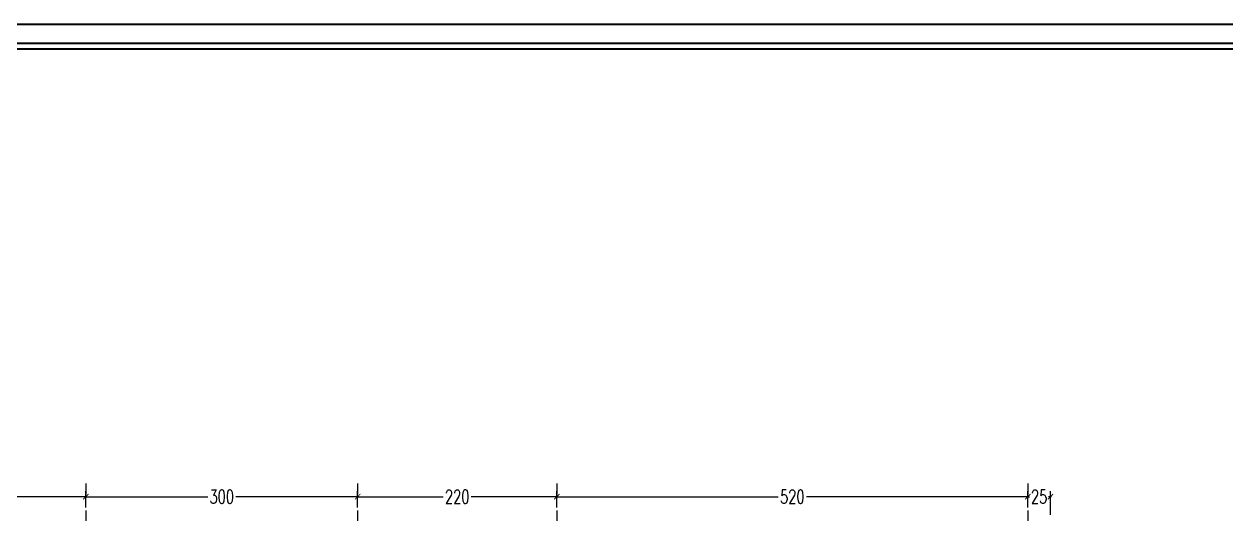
# Model space of a CAD drawing. Header units: centimetres. Extents: x -3207095 to 15275363, y -32656 to 4798027.
# Drawn here: x 700662 to 701989, y 4439946 to 4440487 of the extents above; entities that cross this region are included whole.
import ezdxf

# ---------------------------------------------------------------- set-up
doc = ezdxf.new("R2010")
doc.units = ezdxf.units.CM
doc.linetypes.add('ACAD_ISO03W100', pattern=[30, 12, -18])
doc.linetypes.add('DUZ', pattern=[500, 500])
doc.layers.get('0').update_dxf_attribs({"color": 1, "linetype": 'DUZ'})
doc.layers.add('DIM', color=1, linetype='DUZ')
doc.layers.add('DUVAR', color=7, linetype='Continuous', lineweight=35)
doc.styles.add('DIM', font='ROMANSTW.SHX', dxfattribs={"width": 0.7})
doc.dimstyles.new('1_100', dxfattribs={"dimtxt": 15, "dimasz": 6, "dimexe": 6, "dimexo": 0, "dimgap": 2, "dimtad": 0, "dimdec": 1, "dimzin": 11, "dimdsep": 46, "dimtxsty": 'DIM', "dimblk": 'ARCHTICK', "dimcen": 3, "dimdle": 1.25, "dimclrt": 2, "dimadec": 0, "dimazin": 0, "dimtfac": 1.25, "dimtdec": 1, "dimtix": 1, "dimtofl": 0, "dimtmove": 1, "dimatfit": 3, "dimldrblk": 'ARCHTICK', "dimfxl": 20, "dimfxlon": 1, "dimtolj": 1, "dimtzin": 0, "dimarcsym": 0})

# ---------------------------------------------------------------- blocks, each defined once
blk = doc.blocks.new('_ArchTick')
at = {"color": 0, "linetype": 'ByBlock', "const_width": 0.15}
blk.add_lwpolyline([(-0.5, -0.5), (0.5, 0.5)], dxfattribs=at)
blk = doc.blocks.new('*D4818')
at = {"layer": 'Defpoints', "color": 0, "linetype": 'Continuous', "lineweight": 5, "transparency": 16777216}
for p in [(700730.1, 4439965), (700290.1, 4439953.2), (700730.1, 4439953.2)]:
    blk.add_point(p, dxfattribs=at)
at = {"layer": 'DIM', "color": 0, "linetype": 'Continuous', "lineweight": -2, "transparency": 16777216}
for p, q in [((700290.1, 4439953.2), (700290.1, 4439971)), ((700730.1, 4439953.2), (700730.1, 4439971)), ((700288.8, 4439965), (700494.6, 4439965)), ((700731.3, 4439965), (700525.6, 4439965))]:
    blk.add_line(p, q, dxfattribs=at)
at = {"layer": 'DIM', "color": 0, "linetype": 'Continuous', "lineweight": -2, "transparency": 16777216, "xscale": 6, "yscale": 6, "zscale": 6, "rotation": 180}
blk.add_blockref('_ArchTick', (700290.1, 4439965), dxfattribs=at)
at = {"layer": 'DIM', "color": 0, "linetype": 'Continuous', "lineweight": -2, "transparency": 16777216, "xscale": 6, "yscale": 6, "zscale": 6}
blk.add_blockref('_ArchTick', (700730.1, 4439965), dxfattribs=at)
at = {"layer": 'DIM', "color": 2, "linetype": 'Continuous', "lineweight": 5, "transparency": 16777216, "insert": (700510.1, 4439965), "char_height": 15, "attachment_point": 5, "style": 'DIM'}
blk.add_mtext('\\A1;440', dxfattribs=at)
blk = doc.blocks.new('*D4819')
at = {"layer": 'Defpoints', "color": 0, "linetype": 'Continuous', "lineweight": 5, "transparency": 16777216}
for p in [(701030.1, 4439965), (701030.1, 4439959), (700730.1, 4439953.2)]:
    blk.add_point(p, dxfattribs=at)
at = {"layer": 'DIM', "color": 0, "linetype": 'Continuous', "lineweight": -2, "transparency": 16777216}
for p, q in [((700730.1, 4439953.2), (700730.1, 4439971)), ((701030.1, 4439959), (701030.1, 4439971)), ((700728.8, 4439965), (700864.6, 4439965)), ((701031.3, 4439965), (700895.6, 4439965))]:
    blk.add_line(p, q, dxfattribs=at)
at = {"layer": 'DIM', "color": 0, "linetype": 'Continuous', "lineweight": -2, "transparency": 16777216, "xscale": 6, "yscale": 6, "zscale": 6, "rotation": 180}
blk.add_blockref('_ArchTick', (700730.1, 4439965), dxfattribs=at)
at = {"layer": 'DIM', "color": 0, "linetype": 'Continuous', "lineweight": -2, "transparency": 16777216, "xscale": 6, "yscale": 6, "zscale": 6}
blk.add_blockref('_ArchTick', (701030.1, 4439965), dxfattribs=at)
at = {"layer": 'DIM', "color": 2, "linetype": 'Continuous', "lineweight": 5, "transparency": 16777216, "insert": (700880.1, 4439965), "char_height": 15, "attachment_point": 5, "style": 'DIM'}
blk.add_mtext('\\A1;300', dxfattribs=at)
blk = doc.blocks.new('*D4820')
at = {"layer": 'Defpoints', "color": 0, "linetype": 'Continuous', "lineweight": 5, "transparency": 16777216}
for p in [(701250.1, 4439965), (701030.1, 4439953.2), (701250.1, 4439953.2)]:
    blk.add_point(p, dxfattribs=at)
at = {"layer": 'DIM', "color": 0, "linetype": 'Continuous', "lineweight": -2, "transparency": 16777216}
for p, q in [((701030.1, 4439953.2), (701030.1, 4439971)), ((701250.1, 4439953.2), (701250.1, 4439971)), ((701028.8, 4439965), (701124.6, 4439965)), ((701251.3, 4439965), (701155.6, 4439965))]:
    blk.add_line(p, q, dxfattribs=at)
at = {"layer": 'DIM', "color": 0, "linetype": 'Continuous', "lineweight": -2, "transparency": 16777216, "xscale": 6, "yscale": 6, "zscale": 6, "rotation": 180}
blk.add_blockref('_ArchTick', (701030.1, 4439965), dxfattribs=at)
at = {"layer": 'DIM', "color": 0, "linetype": 'Continuous', "lineweight": -2, "transparency": 16777216, "xscale": 6, "yscale": 6, "zscale": 6}
blk.add_blockref('_ArchTick', (701250.1, 4439965), dxfattribs=at)
at = {"layer": 'DIM', "color": 2, "linetype": 'Continuous', "lineweight": 5, "transparency": 16777216, "insert": (701140.1, 4439965), "char_height": 15, "attachment_point": 5, "style": 'DIM'}
blk.add_mtext('\\A1;220', dxfattribs=at)
blk = doc.blocks.new('*D4821')
at = {"layer": 'Defpoints', "color": 0, "linetype": 'Continuous', "lineweight": 5, "transparency": 16777216}
for p in [(701770.1, 4439965), (701250.1, 4439953.2), (701770.1, 4439953.2)]:
    blk.add_point(p, dxfattribs=at)
at = {"layer": 'DIM', "color": 0, "linetype": 'Continuous', "lineweight": -2, "transparency": 16777216}
for p, q in [((701250.1, 4439953.2), (701250.1, 4439971)), ((701770.1, 4439953.2), (701770.1, 4439971)), ((701248.8, 4439965), (701494.6, 4439965)), ((701771.3, 4439965), (701525.6, 4439965))]:
    blk.add_line(p, q, dxfattribs=at)
at = {"layer": 'DIM', "color": 0, "linetype": 'Continuous', "lineweight": -2, "transparency": 16777216, "xscale": 6, "yscale": 6, "zscale": 6, "rotation": 180}
blk.add_blockref('_ArchTick', (701250.1, 4439965), dxfattribs=at)
at = {"layer": 'DIM', "color": 0, "linetype": 'Continuous', "lineweight": -2, "transparency": 16777216, "xscale": 6, "yscale": 6, "zscale": 6}
blk.add_blockref('_ArchTick', (701770.1, 4439965), dxfattribs=at)
at = {"layer": 'DIM', "color": 2, "linetype": 'Continuous', "lineweight": 5, "transparency": 16777216, "insert": (701510.1, 4439965), "char_height": 15, "attachment_point": 5, "style": 'DIM'}
blk.add_mtext('\\A1;520', dxfattribs=at)
blk = doc.blocks.new('*D4823')
at = {"layer": 'Defpoints', "color": 0, "linetype": 'Continuous', "lineweight": 5, "transparency": 16777216}
for p in [(701795.1, 4439965), (701770.1, 4439953.2), (701795.1, 4439908.4)]:
    blk.add_point(p, dxfattribs=at)
at = {"layer": 'DIM', "color": 0, "linetype": 'Continuous', "lineweight": -2, "transparency": 16777216}
for p, q in [((701770.1, 4439953.2), (701770.1, 4439971)), ((701795.1, 4439945), (701795.1, 4439971)), ((701768.8, 4439965), (701772.1, 4439965)), ((701796.3, 4439965), (701793.1, 4439965))]:
    blk.add_line(p, q, dxfattribs=at)
at = {"layer": 'DIM', "color": 0, "linetype": 'Continuous', "lineweight": -2, "transparency": 16777216, "xscale": 6, "yscale": 6, "zscale": 6, "rotation": 180}
blk.add_blockref('_ArchTick', (701770.1, 4439965), dxfattribs=at)
at = {"layer": 'DIM', "color": 0, "linetype": 'Continuous', "lineweight": -2, "transparency": 16777216, "xscale": 6, "yscale": 6, "zscale": 6}
blk.add_blockref('_ArchTick', (701795.1, 4439965), dxfattribs=at)
at = {"layer": 'DIM', "color": 2, "linetype": 'Continuous', "lineweight": 5, "transparency": 16777216, "insert": (701782.6, 4439965), "char_height": 15, "attachment_point": 5, "style": 'DIM'}
blk.add_mtext('\\A1;25', dxfattribs=at)

msp = doc.modelspace()

# ---------------------------------------------------------------- linework, layer by layer
at = {"color": 232, "linetype": 'ACAD_ISO03W100'}
for p, q in [((700730.1, 4439979.58), (700730.1, 4436849.58)), ((701030.1, 4439979.58), (701030.1, 4436849.58)), ((701250.1, 4439979.58), (701250.1, 4436849.58)), ((701770.1, 4439979.58), (701770.1, 4436849.58))]:
    msp.add_line(p, q, dxfattribs=at)
at = {"layer": 'DUVAR'}
for points in [[(696309.29, 4440487.1), (703509.29, 4440487.1), (703509.29, 4435687.1), (696309.29, 4435687.1)], [(696330.29, 4440466.1), (703488.29, 4440466.1), (703488.29, 4435708.1), (696330.29, 4435708.1)], [(696336.59, 4440459.8), (703481.99, 4440459.8), (703481.99, 4435714.4), (696336.59, 4435714.4)]]:
    msp.add_lwpolyline(points, close=True, dxfattribs=at)

# ---------------------------------------------------------------- dimensions: what is measured, and where the dimension line sits
at = {"layer": 'DIM', "linetype": 'Continuous', "lineweight": 5}
for base, p1, p2, picture, middle in [((700730.1, 4439964.98), (700290.1, 4439953.15), (700730.1, 4439953.15), '*D4818', (700510.1, 4439964.98)), ((701030.1, 4439964.98), (700730.1, 4439953.15), (701030.1, 4439958.98), '*D4819', (700880.1, 4439964.98)), ((701250.1, 4439964.98), (701030.1, 4439953.15), (701250.1, 4439953.15), '*D4820', (701140.1, 4439964.98)), ((701770.1, 4439964.98), (701250.1, 4439953.15), (701770.1, 4439953.15), '*D4821', (701510.1, 4439964.98)), ((701795.1, 4439964.98), (701770.1, 4439953.15), (701795.1, 4439908.39), '*D4823', (701782.6, 4439964.98))]:
    dim = msp.add_linear_dim(base=base, p1=p1, p2=p2, dimstyle='1_100', dxfattribs=at)
    dim.commit()
    dim.dimension.update_dxf_attribs({"geometry": picture, "text_midpoint": middle})

doc.saveas('drawing.dxf')

- Work to be completed
Whenever the string "linetypes" shows up on a line of the listing, copy that line.

- Exercise result
doc.linetypes.add('ACAD_ISO03W100', pattern=[30, 12, -18])
doc.linetypes.add('DUZ', pattern=[500, 500])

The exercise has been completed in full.